Er wird mir alles sagen. Wie jeder meiner Angeklagten. Ich habe ihn so weit. Ich werde ihm helfen und ihn bei Laune halten. Ich verspreche ihm so viel Wein, dass er heute allein nicht mehr aufstehen kann. Nur Max scheint mein Angebot nicht zu gefallen, denn er wartet noch immer darauf, dass ich mich mit seinem Geschenk beschäftige. Mittlerweile tröstet er sich mit den Krumen der Baguettes, die er auf der Holzkassette der Margolin zu einem Bild anordnet. Ich glaube, es wird ein Schiff. Vielleicht sogar die Santa Maria.

*

Im Keller nehme ich zwei der besten Weine aus den Regalen, für einen dritten krieche ich sogar in eines der hintersten Gewölbe, wo kaum bezahlbare Jahrgänge gelagert sind. In diesem Verlies von Ziegelhaufen und Mauerdurchbrüchen überkommt mich die Angst. Hat mein alter Freund erst vor Kurzem von all dem erfahren? Oder weiß er schon länger von Sigurd Fürsts Schuld.

Wieder über der Erde blendet mich das Licht der untergehenden Sonne, und obwohl wir erst Anfang Mai haben, werden wir heute noch lange im Freien sitzen können. Vinzenz ist in seinem Stuhl eingeschlafen. Max hat sich verzogen, er muss jetzt wohl in seinem eigenen Garten den einsamen Cowboy spielen. Die Holzkassette liegt offen da, und die Margolin finde ich unter dem Tisch im Gras. Ganz ohne Zorn ist der Kleine also doch nicht gegangen.

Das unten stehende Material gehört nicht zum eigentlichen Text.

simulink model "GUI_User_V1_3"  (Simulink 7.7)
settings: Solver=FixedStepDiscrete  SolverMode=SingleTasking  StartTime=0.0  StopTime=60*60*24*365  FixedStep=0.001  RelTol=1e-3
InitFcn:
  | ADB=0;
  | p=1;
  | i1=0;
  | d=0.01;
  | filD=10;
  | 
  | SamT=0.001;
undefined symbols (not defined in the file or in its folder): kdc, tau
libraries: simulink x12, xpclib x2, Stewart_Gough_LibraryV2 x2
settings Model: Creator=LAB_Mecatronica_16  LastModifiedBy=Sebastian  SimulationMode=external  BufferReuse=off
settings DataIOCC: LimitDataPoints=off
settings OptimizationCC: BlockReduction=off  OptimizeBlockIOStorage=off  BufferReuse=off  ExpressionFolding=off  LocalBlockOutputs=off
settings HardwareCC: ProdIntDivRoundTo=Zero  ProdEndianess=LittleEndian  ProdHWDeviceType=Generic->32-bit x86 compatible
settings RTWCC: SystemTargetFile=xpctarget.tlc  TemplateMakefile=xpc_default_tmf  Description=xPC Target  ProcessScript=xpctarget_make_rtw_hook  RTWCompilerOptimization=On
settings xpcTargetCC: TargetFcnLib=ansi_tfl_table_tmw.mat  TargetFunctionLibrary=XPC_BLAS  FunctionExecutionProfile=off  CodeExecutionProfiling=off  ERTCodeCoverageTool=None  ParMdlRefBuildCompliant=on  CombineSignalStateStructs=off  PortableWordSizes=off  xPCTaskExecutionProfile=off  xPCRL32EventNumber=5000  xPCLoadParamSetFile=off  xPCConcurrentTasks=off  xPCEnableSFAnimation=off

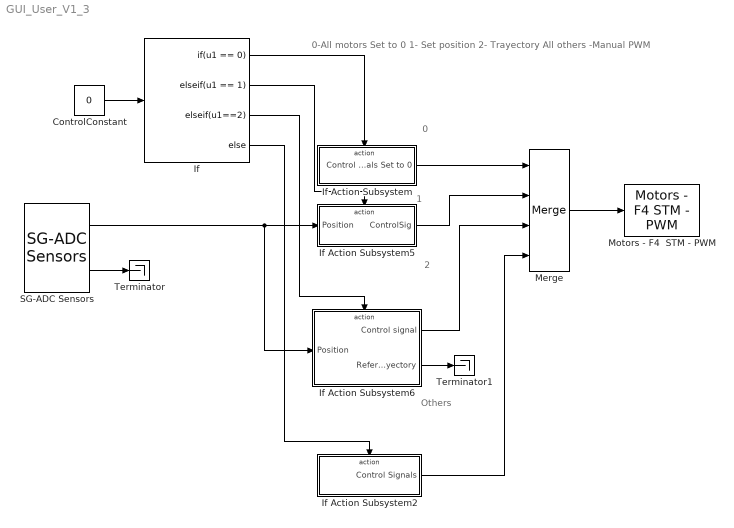
== system GUI_User_V1_3 ==
  note: 0-All motors Set to 0
      | 1- Set position
      | 2- Trayectory
      | All others -Manual PWM
  note: 0
  note: 1
  note: 2
  note: Others
  ControlConstant : Constant  Value=0
  If : If  IfExpression=u1 == 0  ElseIfExpressions=u1 == 1,u1==2
  If Action Subsystem : Subsystem  TreatAsAtomicUnit=on
  If Action Subsystem2 : Subsystem  TreatAsAtomicUnit=on
  If Action Subsystem5 : Subsystem  TreatAsAtomicUnit=on
  If Action Subsystem6 : Subsystem  TreatAsAtomicUnit=on
  Merge : Merge  Inputs=4  InitialOutput=[0 0 0 0 0 0]
  Motors - F4  STM - PWM : Stewart_Gough_LibraryV2/SG - Input//Output/Motors - F4  STM - PWM  SystemSampleTime=-1  Satura=80  SamTime=0.001
  SG-ADC Sensors : Stewart_Gough_LibraryV2/SG - Input//Output/SG-ADC Sensors  SystemSampleTime=-1  CutFreq=20  IniSt=[0 0 0 0 0 0]  SamTimeADC=0.001
  Terminator : Terminator
  Terminator1 : Terminator
  wires:
  ControlConstant/1 -> If/1
  SG-ADC Sensors/2 -> Terminator/1
  Merge/1 -> Motors - F4  STM - PWM/1
  If/1 -> If Action Subsystem/Action
  If Action Subsystem/1(Control Signals Set to 0) -> Merge/1
  SG-ADC Sensors/1 -> If Action Subsystem5/1(Position), If Action Subsystem6/1(Position)
  If/2 -> If Action Subsystem5/Action
  If/3 -> If Action Subsystem6/Action
  If/4 -> If Action Subsystem2/Action
  If Action Subsystem5/1(ControlSig) -> Merge/2
  If Action Subsystem6/1(Control signal) -> Merge/3
  If Action Subsystem2/1(Control Signals) -> Merge/4
  If Action Subsystem6/2(ReferenceTrayectory) -> Terminator1/1

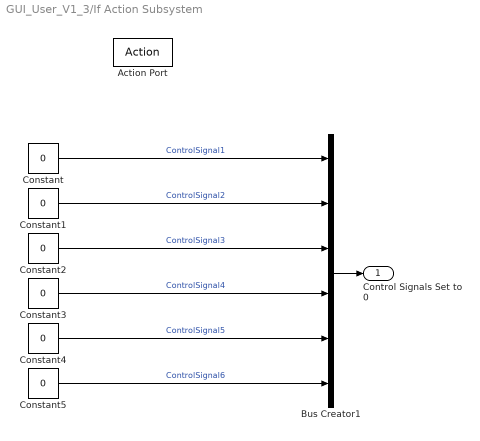
== system GUI_User_V1_3/If Action Subsystem ==
  Action Port : ActionPort  ActionType=then
  Bus Creator1 : BusCreator  Inputs=6
  Constant{,1..5} (6 alike) : Constant  Value=0
  Control Signals Set to 0 : Outport  InitialOutput=[0 0 0 0 0 0]
  wires:
  Constant/1 -> Bus Creator1/1  "ControlSignal1"
  Bus Creator1/1 -> Control Signals Set to 0/1
  Constant2/1 -> Bus Creator1/3  "ControlSignal3"
  Constant3/1 -> Bus Creator1/4  "ControlSignal4"
  Constant4/1 -> Bus Creator1/5  "ControlSignal5"
  Constant5/1 -> Bus Creator1/6  "ControlSignal6"
  Constant1/1 -> Bus Creator1/2  "ControlSignal2"

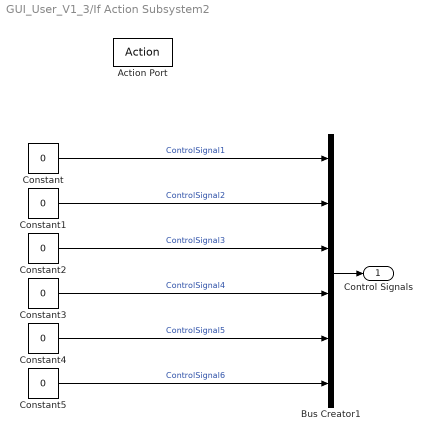
== system GUI_User_V1_3/If Action Subsystem2 ==
  Action Port : ActionPort  ActionType=else
  Bus Creator1 : BusCreator  Inputs=6
  Constant{,1..5} (6 alike) : Constant  Value=0
  Control Signals : Outport  InitialOutput=[0 0 0 0 0 0]
  wires:
  Constant/1 -> Bus Creator1/1  "ControlSignal1"
  Bus Creator1/1 -> Control Signals/1
  Constant2/1 -> Bus Creator1/3  "ControlSignal3"
  Constant3/1 -> Bus Creator1/4  "ControlSignal4"
  Constant4/1 -> Bus Creator1/5  "ControlSignal5"
  Constant5/1 -> Bus Creator1/6  "ControlSignal6"
  Constant1/1 -> Bus Creator1/2  "ControlSignal2"

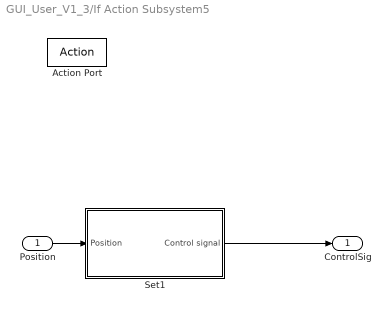
== system GUI_User_V1_3/If Action Subsystem5 ==
  Position : Inport
  Action Port : ActionPort  ActionType=elseif
  Set1 : Subsystem  mask(Set SG actuators to specific values){ActLen=[68.317      68.3214      68.3123      68.3123      68.3214       68.317], P1=2, I1=0, D1=0, Pole1=1, SamTime1=0.001}
      mask prompts: ActLen "Actuators length:"; P1 "P:"; I1 "I:"; D1 "D:"; Pole1 "Filter derivator (Hz):"; SamTime1 "Sample Time:"
      mask help: Set SG actuators to specific values through feedforward-PID controller
      mask init:
      | Pole2=1/(Pole1*2*pi);
      | tau(1)=12.9;
      | tau(2)=20.9;
      | tau(3)=16;
      | tau(4)=26.2;
      | tau(5)=17.1;
      | tau(6)=15.2;
      | kdc(1)=35.737;
      | kdc(2)=65.089;
      | kdc(3)=51.966;
      | kdc(4)=74.788;
      | kdc(5)=49.788;
      | kdc(6)=51.427;
  ControlSig : Outport  InitialOutput=[0 0 0 0 0 0]
  wires:
  Set1/1(Control signal) -> ControlSig/1
  Position/1 -> Set1/1(Position)

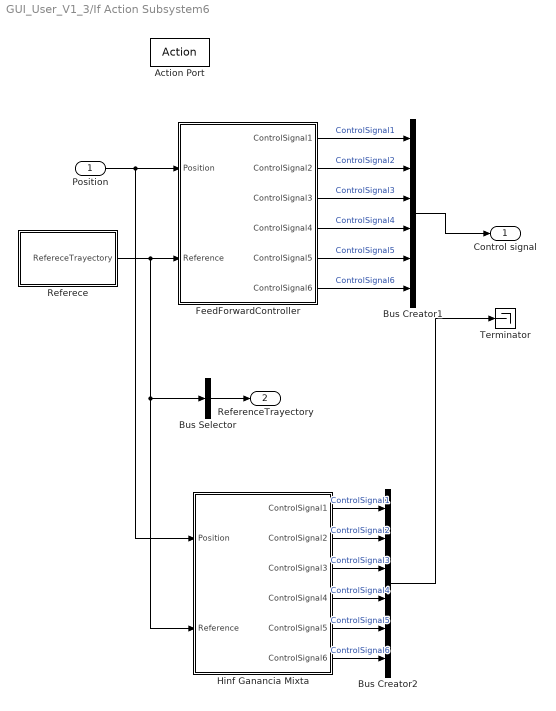
== system GUI_User_V1_3/If Action Subsystem6 ==
  Position : Inport
  Action Port : ActionPort  ActionType=elseif
  Bus Creator1 : BusCreator  Inputs=6
  Bus Creator2 : BusCreator  Inputs=6
  Bus Selector : BusSelector  OutputSignals=Position_1,Position_2,Position_3,Position_4,Position_5,Position_6,Velocity_1,Velocity_2,Velocity_3,Velocity_4,Velocity_5,Velocity_6  OutputAsBus=on
  FeedForwardController : Subsystem  mask(Feed forward controller for a stewart gough platform){Pff=2.5, Iff=2, Dff=0.1, DFff=10, SamTimeff=0.001}
      mask prompts: Pff "P"; Iff "I"; Dff "D"; DFff "Derivative Filter, Cutoff freq (Hz)"; SamTimeff "Sample Time"
      mask init:
      | DFff=1/(DFff*pi*2);
  Hinf Ganancia Mixta : Subsystem
  Referece : Subsystem
  Terminator : Terminator
  Control signal : Outport  InitialOutput=[0 0 0 0 0 0]
  ReferenceTrayectory : Outport  Port=2  InitialOutput=[0 0 0 0 0 0 0 0 0 0 0 0]
  wires:
  Position/1 -> FeedForwardController/1(Position), Hinf Ganancia Mixta/1(Position)
  Referece/1(RefereceTrayectory) -> FeedForwardController/2(Reference), Hinf Ganancia Mixta/2(Reference), Bus Selector/1
  FeedForwardController/1(ControlSignal1) -> Bus Creator1/1  "ControlSignal1"
  FeedForwardController/2(ControlSignal2) -> Bus Creator1/2  "ControlSignal2"
  FeedForwardController/3(ControlSignal3) -> Bus Creator1/3  "ControlSignal3"
  FeedForwardController/4(ControlSignal4) -> Bus Creator1/4  "ControlSignal4"
  FeedForwardController/5(ControlSignal5) -> Bus Creator1/5  "ControlSignal5"
  FeedForwardController/6(ControlSignal6) -> Bus Creator1/6  "ControlSignal6"
  Hinf Ganancia Mixta/1(ControlSignal1) -> Bus Creator2/1  "ControlSignal1"
  Hinf Ganancia Mixta/2(ControlSignal2) -> Bus Creator2/2  "ControlSignal2"
  Hinf Ganancia Mixta/3(ControlSignal3) -> Bus Creator2/3  "ControlSignal3"
  Hinf Ganancia Mixta/4(ControlSignal4) -> Bus Creator2/4  "ControlSignal4"
  Hinf Ganancia Mixta/5(ControlSignal5) -> Bus Creator2/5  "ControlSignal5"
  Hinf Ganancia Mixta/6(ControlSignal6) -> Bus Creator2/6  "ControlSignal6"
  Bus Selector/1 -> ReferenceTrayectory/1
  Bus Creator1/1 -> Control signal/1
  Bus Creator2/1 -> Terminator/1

Die Augen von Vinzenz sind glasig, und sein starres Gesicht ist schrecklich anzusehen. Noch mache ich mir beruhigende Gedanken. Auch ich bin manchmal in diesem Stuhl gesessen und muss betrunken und halb bewusstlos ein entsetzliches Bild abgegeben haben. Doch Vinzenz ist weiter. Ich wage es kaum, an ihn heranzutreten. Sein Gesicht riecht nach meinem Wein. Brust und Halsschlagader sind ruhig. Es ist kein Atmen zu hören, nur das Zwitschern der Vögel rundum. Anstelle der Tränendrüse am linken Auge hat Vinzenz ein kleines Loch. Es fließt nur wenig Blut heraus, trocknet auch sofort auf der Wange. Es kann keinen Zweifel geben. Vinzenz Wolf ist tot. Getroffen von einer Kugel aus meiner Margolin.